Dataset excerpts.
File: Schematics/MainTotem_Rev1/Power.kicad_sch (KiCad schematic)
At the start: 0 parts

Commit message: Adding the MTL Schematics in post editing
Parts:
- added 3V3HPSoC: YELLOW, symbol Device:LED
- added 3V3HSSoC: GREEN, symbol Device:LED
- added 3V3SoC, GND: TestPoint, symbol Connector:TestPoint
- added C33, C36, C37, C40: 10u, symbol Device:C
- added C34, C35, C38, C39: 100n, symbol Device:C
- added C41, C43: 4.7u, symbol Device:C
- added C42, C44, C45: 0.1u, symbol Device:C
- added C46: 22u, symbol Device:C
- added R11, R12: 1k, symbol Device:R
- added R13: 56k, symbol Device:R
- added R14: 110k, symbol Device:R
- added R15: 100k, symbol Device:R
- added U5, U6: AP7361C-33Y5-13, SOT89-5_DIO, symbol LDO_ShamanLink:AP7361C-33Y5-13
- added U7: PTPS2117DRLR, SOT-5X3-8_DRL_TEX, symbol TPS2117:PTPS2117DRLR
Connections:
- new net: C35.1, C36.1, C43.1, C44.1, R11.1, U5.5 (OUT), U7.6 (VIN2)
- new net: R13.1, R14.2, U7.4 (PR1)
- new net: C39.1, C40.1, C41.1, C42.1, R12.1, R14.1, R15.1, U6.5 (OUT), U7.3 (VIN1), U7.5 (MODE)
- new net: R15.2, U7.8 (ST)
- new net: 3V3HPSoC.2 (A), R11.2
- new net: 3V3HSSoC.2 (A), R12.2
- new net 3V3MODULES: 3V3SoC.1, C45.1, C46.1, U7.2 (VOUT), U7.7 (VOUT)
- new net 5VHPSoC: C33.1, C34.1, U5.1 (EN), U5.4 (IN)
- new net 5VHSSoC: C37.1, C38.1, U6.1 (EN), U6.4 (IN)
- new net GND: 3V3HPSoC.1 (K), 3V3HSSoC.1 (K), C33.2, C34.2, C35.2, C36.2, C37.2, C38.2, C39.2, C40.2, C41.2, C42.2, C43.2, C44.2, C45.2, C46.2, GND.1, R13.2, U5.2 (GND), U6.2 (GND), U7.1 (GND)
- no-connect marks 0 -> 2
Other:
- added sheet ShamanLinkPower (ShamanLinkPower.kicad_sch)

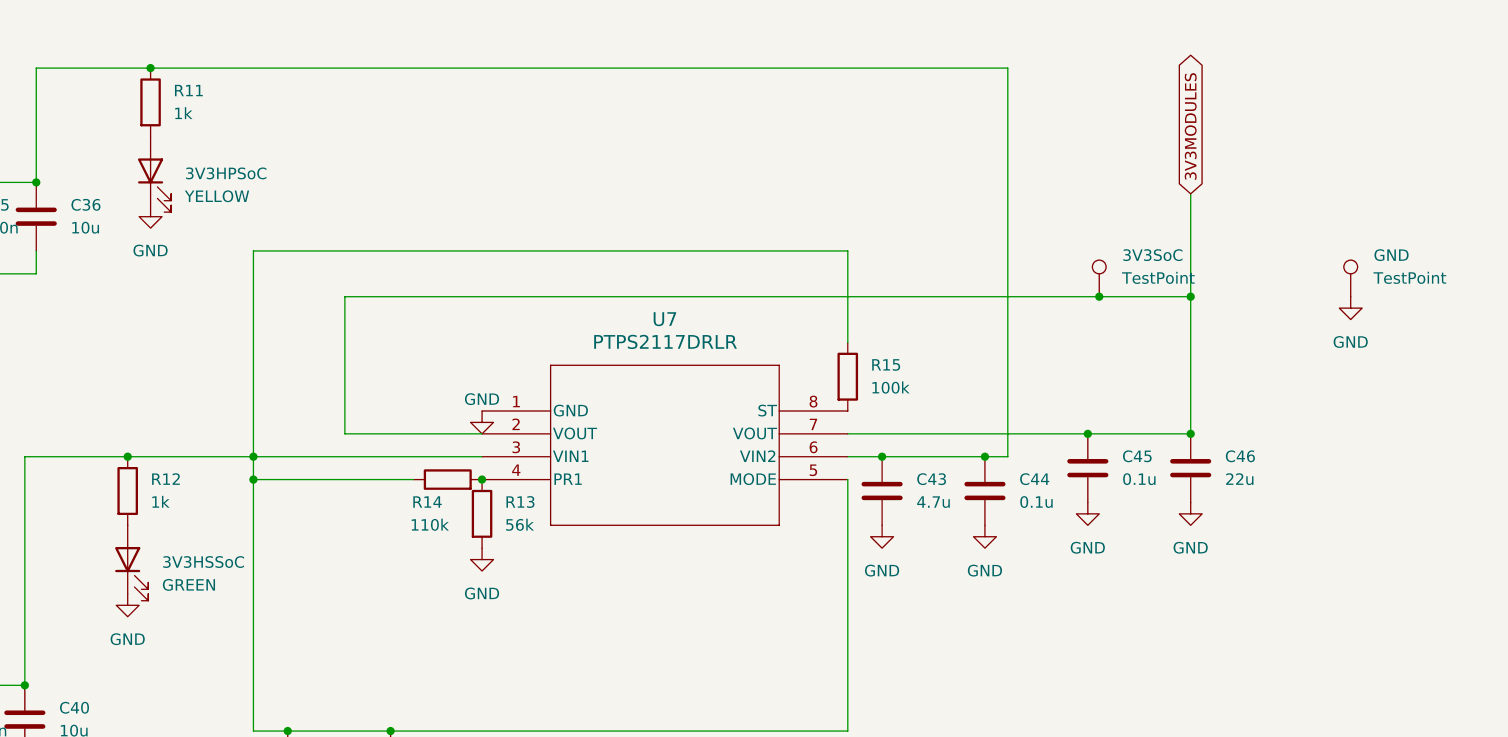
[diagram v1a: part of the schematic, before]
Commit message: Layout Edits for Mezzanine Connector routing
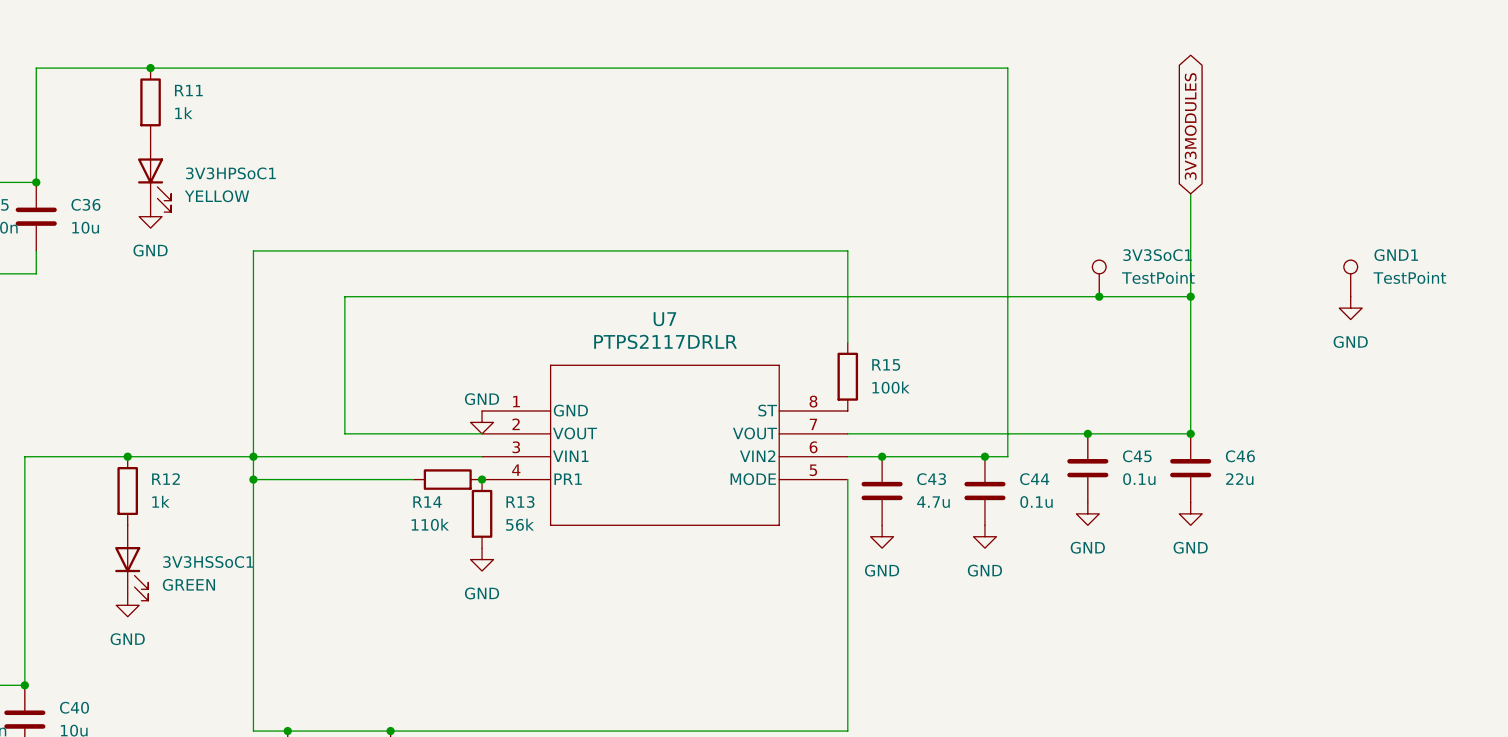
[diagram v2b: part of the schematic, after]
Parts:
- 3V3HPSoC1: renamed from 3V3HPSoC; footprint (none) -> Resistor_SMD:R_0805_2012Metric_Pad1.20x1.40mm_HandSolder
- 3V3HSSoC1: renamed from 3V3HSSoC; footprint (none) -> Resistor_SMD:R_0805_2012Metric_Pad1.20x1.40mm_HandSolder
- 3V3SoC1: renamed from 3V3SoC; footprint (none) -> TestPoint:TestPoint_Pad_1.0x1.0mm
- C33, C36, C37, C40, C46: footprint (none) -> Capacitor_SMD:C_0805_2012Metric_Pad1.18x1.45mm_HandSolder
- C34, C35, C38, C39, C41, C42, C43, C44, C45: footprint (none) -> Capacitor_SMD:C_0603_1608Metric_Pad1.08x0.95mm_HandSolder
- GND1: renamed from GND; footprint (none) -> TestPoint:TestPoint_Pad_1.0x1.0mm
- R11, R12, R13, R14, R15: footprint (none) -> Resistor_SMD:R_0603_1608Metric_Pad0.98x0.95mm_HandSolder
- U5, U6: footprint SOT89-5_DIO -> LDO_ShamanLink:SOT89-5_DIO-M
- U7: footprint SOT-5X3-8_DRL_TEX -> TPS2117:SOT-5X3-8_DRL_TEX-M
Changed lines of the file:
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@@
 			)
 		)
-		(property "Footprint" ""
+		(property "Footprint" "Capacitor_SMD:C_0603_1608Metric_Pad1.08x0.95mm_HandSolder"
 			(at 243.5352 104.14 0)
 			(effects
@@
 			)
 		)
-		(property "Footprint" ""
+		(property "Footprint" "Capacitor_SMD:C_0805_2012Metric_Pad1.18x1.45mm_HandSolder"
 			(at 254.9652 104.14 0)
 			(effects
@@
 			)
 		)
-		(property "Footprint" ""
+		(property "Footprint" "Capacitor_SMD:C_0603_1608Metric_Pad1.08x0.95mm_HandSolder"
 			(at 116.5352 76.2 0)
 			(effects
@@
 			)
 		)
-		(property "Footprint" "SOT89-5_DIO"
+		(property "Footprint" "LDO_ShamanLink:SOT89-5_DIO-M"
 			(at 63.5 66.04 0)
 			(effects
@@
 			)
 		)
-		(property "Footprint" ""
+		(property "Footprint" "Resistor_SMD:R_0603_1608Metric_Pad0.98x0.95mm_HandSolder"
 			(at 173.482 105.41 90)
 			(effects
@@
 			)
 		)
-		(property "Footprint" ""
+		(property "Footprint" "Capacitor_SMD:C_0603_1608Metric_Pad1.08x0.95mm_HandSolder"
 			(at 115.2652 132.08 0)
 			(effects
@@
 		(dnp no)
 		(fields_autoplaced yes)
-		(property "Reference" "3V3SoC"
+		(property "Reference" "3V3SoC1"
 			(at 246.38 76.7079 0)
 			(effects
@@
 			)
 		)
-		(property "Footprint" ""
+		(property "Footprint" "TestPoint:TestPoint_Pad_1.0x1.0mm"
 			(at 248.92 81.28 0)
 			(effects
@@
 			(project ""
 				(path "/f88ba0f4-041f-4cf3-b904-3ea5c6101abb/8cdda753-59d0-43d1-9f6c-24e675cc293c"
-					(reference "3V3SoC")
+					(reference "3V3SoC1")
 					(unit 1)
 				)
@@
 			)
 		)
-		(property "Footprint" ""
+		(property "Footprint" "Capacitor_SMD:C_0603_1608Metric_Pad1.08x0.95mm_HandSolder"
 			(at 220.6752 106.68 0)
 			(effects
@@
 			)
 		)
-		(property "Footprint" ""
+		(property "Footprint" "Resistor_SMD:R_0603_1608Metric_Pad0.98x0.95mm_HandSolder"
 			(at 214.122 90.17 90)
 			(effects
@@
 			)
 		)
-		(property "Footprint" "SOT89-5_DIO"
+		(property "Footprint" "LDO_ShamanLink:SOT89-5_DIO-M"
 			(at 62.23 121.92 0)
 			(effects
@@
 			)
 		)
-		(property "Footprint" "SOT-5X3-8_DRL_TEX"
+		(property "Footprint" "TPS2117:SOT-5X3-8_DRL_TEX-M"
 			(at 175.26 93.98 0)
 			(effects
@@
 			)
 		)
-		(property "Footprint" ""
+		(property "Footprint" "Capacitor_SMD:C_0603_1608Metric_Pad1.08x0.95mm_HandSolder"
 			(at 232.1052 106.68 0)
 			(effects
@@
 			)
 		)
-		(property "Footprint" ""
+		(property "Footprint" "Capacitor_SMD:C_0603_1608Metric_Pad1.08x0.95mm_HandSolder"
 			(at 166.0652 137.16 0)
 			(effects
@@
 			)
 		)
-		(property "Footprint" ""
+		(property "Footprint" "Capacitor_SMD:C_0603_1608Metric_Pad1.08x0.95mm_HandSolder"
 			(at 75.8952 85.09 0)
 			(effects
@@
 			)
 		)
-		(property "Footprint" ""
+		(property "Footprint" "Capacitor_SMD:C_0805_2012Metric_Pad1.18x1.45mm_HandSolder"
 			(at 65.7352 85.09 0)
 			(effects
@@
 			)
 		)
-		(property "Footprint" ""
+		(property "Footprint" "Resistor_SMD:R_0603_1608Metric_Pad0.98x0.95mm_HandSolder"
 			(at 171.45 103.378 90)
 			(effects
@@
 			)
 		)
-		(property "Footprint" ""
+		(property "Footprint" "Capacitor_SMD:C_0805_2012Metric_Pad1.18x1.45mm_HandSolder"
 			(at 64.4652 140.97 0)
 			(effects
@@
 			)
 		)
-		(property "Footprint" ""
+		(property "Footprint" "Capacitor_SMD:C_0603_1608Metric_Pad1.08x0.95mm_HandSolder"
 			(at 74.6252 140.97 0)
 			(effects
@@
 		(dnp no)
 		(fields_autoplaced yes)
-		(property "Reference" "3V3HPSoC"
+		(property "Reference" "3V3HPSoC1"
 			(at 142.24 67.6274 90)
 			(effects
@@
 			)
 		)
-		(property "Footprint" ""
+		(property "Footprint" "Resistor_SMD:R_0805_2012Metric_Pad1.20x1.40mm_HandSolder"
 			(at 138.43 67.31 0)
 			(effects
@@
 			(project ""
 				(path "/f88ba0f4-041f-4cf3-b904-3ea5c6101abb/8cdda753-59d0-43d1-9f6c-24e675cc293c"
-					(reference "3V3HPSoC")
+					(reference "3V3HPSoC1")
 					(unit 1)
 				)
@@
 		(dnp no)
 		(fields_autoplaced yes)
-		(property "Reference" "3V3HSSoC"
+		(property "Reference" "3V3HSSoC1"
 			(at 139.7 110.8074 90)
 			(effects
@@
 			)
 		)
-		(property "Footprint" ""
+		(property "Footprint" "Resistor_SMD:R_0805_2012Metric_Pad1.20x1.40mm_HandSolder"
 			(at 135.89 110.49 0)
 			(effects
@@
 			(project ""
 				(path "/f88ba0f4-041f-4cf3-b904-3ea5c6101abb/8cdda753-59d0-43d1-9f6c-24e675cc293c"
-					(reference "3V3HSSoC")
+					(reference "3V3HSSoC1")
 					(unit 1)
 				)
@@
 			)
 		)
-		(property "Footprint" ""
+		(property "Footprint" "Resistor_SMD:R_0603_1608Metric_Pad0.98x0.95mm_HandSolder"
 			(at 136.652 59.69 90)
 			(effects
@@
 			)
 		)
-		(property "Footprint" ""
+		(property "Footprint" "Capacitor_SMD:C_0805_2012Metric_Pad1.18x1.45mm_HandSolder"
 			(at 125.4252 132.08 0)
 			(effects
@@
 		(dnp no)
 		(fields_autoplaced yes)
-		(property "Reference" "GND"
+		(property "Reference" "GND1"
 			(at 274.32 76.7079 0)
 			(effects
@@
 			)
 		)
-		(property "Footprint" ""
+		(property "Footprint" "TestPoint:TestPoint_Pad_1.0x1.0mm"
 			(at 276.86 81.28 0)
 			(effects
@@
 			(project "MainTotem_Rev1"
 				(path "/f88ba0f4-041f-4cf3-b904-3ea5c6101abb/8cdda753-59d0-43d1-9f6c-24e675cc293c"
-					(reference "GND")
+					(reference "GND1")
 					(unit 1)
 				)
@@
 			)
 		)
-		(property "Footprint" ""
+		(property "Footprint" "Capacitor_SMD:C_0805_2012Metric_Pad1.18x1.45mm_HandSolder"
 			(at 126.6952 76.2 0)
 			(effects
@@
 			)
 		)
-		(property "Footprint" ""
+		(property "Footprint" "Resistor_SMD:R_0603_1608Metric_Pad0.98x0.95mm_HandSolder"
 			(at 134.112 102.87 90)
 			(effects
@@
 			)
 		)
-		(property "Footprint" ""
+		(property "Footprint" "Capacitor_SMD:C_0603_1608Metric_Pad1.08x0.95mm_HandSolder"
 			(at 154.6352 137.16 0)
 			(effects

What the task requires. In the records above, find the line with "Commit message: Adding"; write out exactly that line and each one after it, stopping after the line with "- added C34, C35, C38, C39: 100n, symbol".

Solution for this exercise.
Commit message: Adding the MTL Schematics in post editing
Parts:
- added 3V3HPSoC: YELLOW, symbol Device:LED
- added 3V3HSSoC: GREEN, symbol Device:LED
- added 3V3SoC, GND: TestPoint, symbol Connector:TestPoint
- added C33, C36, C37, C40: 10u, symbol Device:C
- added C34, C35, C38, C39: 100n, symbol Device:C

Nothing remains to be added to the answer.